:: What to do ::
When you reach the line containing "# Отверстия под штифты Ø4.0" in the records below, start copying exactly, and stop once you have copied the line containing "# Эскиз18 → Вырез-Вытянуть7 (cut)".

>>>>

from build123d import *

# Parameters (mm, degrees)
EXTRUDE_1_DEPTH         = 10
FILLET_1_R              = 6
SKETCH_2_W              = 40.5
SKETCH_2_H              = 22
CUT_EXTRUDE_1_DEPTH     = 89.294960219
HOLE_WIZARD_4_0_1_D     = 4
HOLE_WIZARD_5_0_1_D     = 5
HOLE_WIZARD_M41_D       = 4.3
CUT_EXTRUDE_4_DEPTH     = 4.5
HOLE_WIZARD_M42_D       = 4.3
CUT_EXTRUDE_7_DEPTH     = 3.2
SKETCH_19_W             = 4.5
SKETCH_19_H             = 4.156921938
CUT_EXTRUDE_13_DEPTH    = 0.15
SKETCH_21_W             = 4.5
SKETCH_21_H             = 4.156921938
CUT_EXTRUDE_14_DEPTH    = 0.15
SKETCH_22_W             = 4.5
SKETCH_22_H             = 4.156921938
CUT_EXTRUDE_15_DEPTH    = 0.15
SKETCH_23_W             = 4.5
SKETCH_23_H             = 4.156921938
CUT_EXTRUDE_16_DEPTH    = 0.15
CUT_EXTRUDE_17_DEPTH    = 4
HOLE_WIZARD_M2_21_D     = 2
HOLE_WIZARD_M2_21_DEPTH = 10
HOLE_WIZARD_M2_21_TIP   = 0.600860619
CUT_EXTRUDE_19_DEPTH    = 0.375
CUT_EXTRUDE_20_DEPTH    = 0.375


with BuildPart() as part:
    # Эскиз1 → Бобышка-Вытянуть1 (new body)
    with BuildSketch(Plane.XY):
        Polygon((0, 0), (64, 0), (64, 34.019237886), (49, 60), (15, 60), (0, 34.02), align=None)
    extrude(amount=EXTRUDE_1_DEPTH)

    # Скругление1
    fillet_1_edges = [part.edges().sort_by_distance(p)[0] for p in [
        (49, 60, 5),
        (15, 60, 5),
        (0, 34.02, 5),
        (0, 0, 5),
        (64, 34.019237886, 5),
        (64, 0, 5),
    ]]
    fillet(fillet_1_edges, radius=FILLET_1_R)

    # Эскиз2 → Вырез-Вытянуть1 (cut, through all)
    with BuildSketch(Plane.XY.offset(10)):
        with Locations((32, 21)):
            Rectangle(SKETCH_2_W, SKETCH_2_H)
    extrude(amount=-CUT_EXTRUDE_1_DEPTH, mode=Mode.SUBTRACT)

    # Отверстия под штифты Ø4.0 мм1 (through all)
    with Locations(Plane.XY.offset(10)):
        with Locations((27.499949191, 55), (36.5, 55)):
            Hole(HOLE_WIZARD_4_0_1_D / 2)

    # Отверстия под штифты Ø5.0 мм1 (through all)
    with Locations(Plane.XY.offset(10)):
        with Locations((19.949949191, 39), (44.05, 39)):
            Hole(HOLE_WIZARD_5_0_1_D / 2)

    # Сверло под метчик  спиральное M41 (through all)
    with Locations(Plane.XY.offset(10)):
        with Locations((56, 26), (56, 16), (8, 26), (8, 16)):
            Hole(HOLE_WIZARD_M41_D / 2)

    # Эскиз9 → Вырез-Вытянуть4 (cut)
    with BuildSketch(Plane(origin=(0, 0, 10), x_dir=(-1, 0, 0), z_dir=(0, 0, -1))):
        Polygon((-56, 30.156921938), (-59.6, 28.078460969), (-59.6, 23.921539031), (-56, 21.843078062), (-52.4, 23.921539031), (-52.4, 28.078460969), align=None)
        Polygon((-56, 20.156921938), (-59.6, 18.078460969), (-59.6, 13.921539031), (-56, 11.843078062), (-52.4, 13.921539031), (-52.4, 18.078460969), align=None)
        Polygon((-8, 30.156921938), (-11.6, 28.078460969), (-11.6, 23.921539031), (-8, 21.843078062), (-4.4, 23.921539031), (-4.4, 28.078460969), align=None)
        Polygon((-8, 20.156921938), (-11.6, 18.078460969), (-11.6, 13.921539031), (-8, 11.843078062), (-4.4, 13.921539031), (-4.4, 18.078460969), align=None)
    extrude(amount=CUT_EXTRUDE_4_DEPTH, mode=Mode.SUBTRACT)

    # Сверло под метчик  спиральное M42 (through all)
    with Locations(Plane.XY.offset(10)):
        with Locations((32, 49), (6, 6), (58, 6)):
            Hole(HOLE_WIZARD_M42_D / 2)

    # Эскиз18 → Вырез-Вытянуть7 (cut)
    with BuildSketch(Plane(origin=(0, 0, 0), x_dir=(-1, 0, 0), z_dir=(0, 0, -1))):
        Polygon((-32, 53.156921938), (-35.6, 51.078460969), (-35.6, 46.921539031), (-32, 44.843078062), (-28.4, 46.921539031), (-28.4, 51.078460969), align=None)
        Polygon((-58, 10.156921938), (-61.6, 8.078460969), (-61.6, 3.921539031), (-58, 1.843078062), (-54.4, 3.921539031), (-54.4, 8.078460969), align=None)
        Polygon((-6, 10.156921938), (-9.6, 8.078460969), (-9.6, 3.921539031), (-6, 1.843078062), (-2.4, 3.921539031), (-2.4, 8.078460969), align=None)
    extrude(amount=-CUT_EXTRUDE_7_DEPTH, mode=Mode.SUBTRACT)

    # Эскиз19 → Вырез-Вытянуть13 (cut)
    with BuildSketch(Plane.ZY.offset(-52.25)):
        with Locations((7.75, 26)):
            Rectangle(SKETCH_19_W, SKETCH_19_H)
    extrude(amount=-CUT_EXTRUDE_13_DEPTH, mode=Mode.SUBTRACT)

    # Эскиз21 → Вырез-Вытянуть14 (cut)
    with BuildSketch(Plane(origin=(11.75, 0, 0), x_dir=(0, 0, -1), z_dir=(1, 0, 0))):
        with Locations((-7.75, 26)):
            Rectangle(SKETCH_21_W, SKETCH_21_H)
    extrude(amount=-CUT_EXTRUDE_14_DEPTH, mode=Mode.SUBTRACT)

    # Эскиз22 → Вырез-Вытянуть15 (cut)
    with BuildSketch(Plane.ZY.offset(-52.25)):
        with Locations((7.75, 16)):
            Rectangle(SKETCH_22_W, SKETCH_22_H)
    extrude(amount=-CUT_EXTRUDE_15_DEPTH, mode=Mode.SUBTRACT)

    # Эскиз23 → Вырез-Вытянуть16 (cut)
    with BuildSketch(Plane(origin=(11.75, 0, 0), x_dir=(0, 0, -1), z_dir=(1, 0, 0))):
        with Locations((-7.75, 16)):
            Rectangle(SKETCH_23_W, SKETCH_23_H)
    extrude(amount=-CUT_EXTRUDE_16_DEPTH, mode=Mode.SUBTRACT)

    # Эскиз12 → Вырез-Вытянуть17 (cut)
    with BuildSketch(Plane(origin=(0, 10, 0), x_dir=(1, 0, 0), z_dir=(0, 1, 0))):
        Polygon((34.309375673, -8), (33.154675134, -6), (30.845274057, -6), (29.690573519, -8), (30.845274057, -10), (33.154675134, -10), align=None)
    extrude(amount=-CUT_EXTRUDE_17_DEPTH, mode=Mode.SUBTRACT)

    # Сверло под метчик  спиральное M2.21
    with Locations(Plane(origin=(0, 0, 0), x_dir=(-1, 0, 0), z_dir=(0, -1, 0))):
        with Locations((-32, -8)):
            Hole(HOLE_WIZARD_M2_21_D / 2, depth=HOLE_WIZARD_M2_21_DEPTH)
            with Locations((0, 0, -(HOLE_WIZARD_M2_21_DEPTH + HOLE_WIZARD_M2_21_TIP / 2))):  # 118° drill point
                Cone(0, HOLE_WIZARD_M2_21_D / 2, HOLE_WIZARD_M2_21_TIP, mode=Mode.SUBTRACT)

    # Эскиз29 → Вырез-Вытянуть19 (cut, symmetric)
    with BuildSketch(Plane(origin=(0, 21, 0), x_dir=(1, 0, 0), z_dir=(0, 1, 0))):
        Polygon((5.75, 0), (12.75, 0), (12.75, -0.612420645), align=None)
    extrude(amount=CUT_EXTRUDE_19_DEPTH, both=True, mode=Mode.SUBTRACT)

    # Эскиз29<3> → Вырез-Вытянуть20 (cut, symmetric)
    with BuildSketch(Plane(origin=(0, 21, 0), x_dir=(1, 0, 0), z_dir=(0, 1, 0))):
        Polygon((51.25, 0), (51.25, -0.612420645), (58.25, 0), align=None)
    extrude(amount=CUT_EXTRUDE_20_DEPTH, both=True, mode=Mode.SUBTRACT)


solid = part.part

<<<<

:: Answer below ::
    # Отверстия под штифты Ø4.0 мм1 (through all)
    with Locations(Plane.XY.offset(10)):
        with Locations((27.499949191, 55), (36.5, 55)):
            Hole(HOLE_WIZARD_4_0_1_D / 2)

    # Отверстия под штифты Ø5.0 мм1 (through all)
    with Locations(Plane.XY.offset(10)):
        with Locations((19.949949191, 39), (44.05, 39)):
            Hole(HOLE_WIZARD_5_0_1_D / 2)

    # Сверло под метчик  спиральное M41 (through all)
    with Locations(Plane.XY.offset(10)):
        with Locations((56, 26), (56, 16), (8, 26), (8, 16)):
            Hole(HOLE_WIZARD_M41_D / 2)

    # Эскиз9 → Вырез-Вытянуть4 (cut)
    with BuildSketch(Plane(origin=(0, 0, 10), x_dir=(-1, 0, 0), z_dir=(0, 0, -1))):
        Polygon((-56, 30.156921938), (-59.6, 28.078460969), (-59.6, 23.921539031), (-56, 21.843078062), (-52.4, 23.921539031), (-52.4, 28.078460969), align=None)
        Polygon((-56, 20.156921938), (-59.6, 18.078460969), (-59.6, 13.921539031), (-56, 11.843078062), (-52.4, 13.921539031), (-52.4, 18.078460969), align=None)
        Polygon((-8, 30.156921938), (-11.6, 28.078460969), (-11.6, 23.921539031), (-8, 21.843078062), (-4.4, 23.921539031), (-4.4, 28.078460969), align=None)
        Polygon((-8, 20.156921938), (-11.6, 18.078460969), (-11.6, 13.921539031), (-8, 11.843078062), (-4.4, 13.921539031), (-4.4, 18.078460969), align=None)
    extrude(amount=CUT_EXTRUDE_4_DEPTH, mode=Mode.SUBTRACT)

    # Сверло под метчик  спиральное M42 (through all)
    with Locations(Plane.XY.offset(10)):
        with Locations((32, 49), (6, 6), (58, 6)):
            Hole(HOLE_WIZARD_M42_D / 2)

    # Эскиз18 → Вырез-Вытянуть7 (cut)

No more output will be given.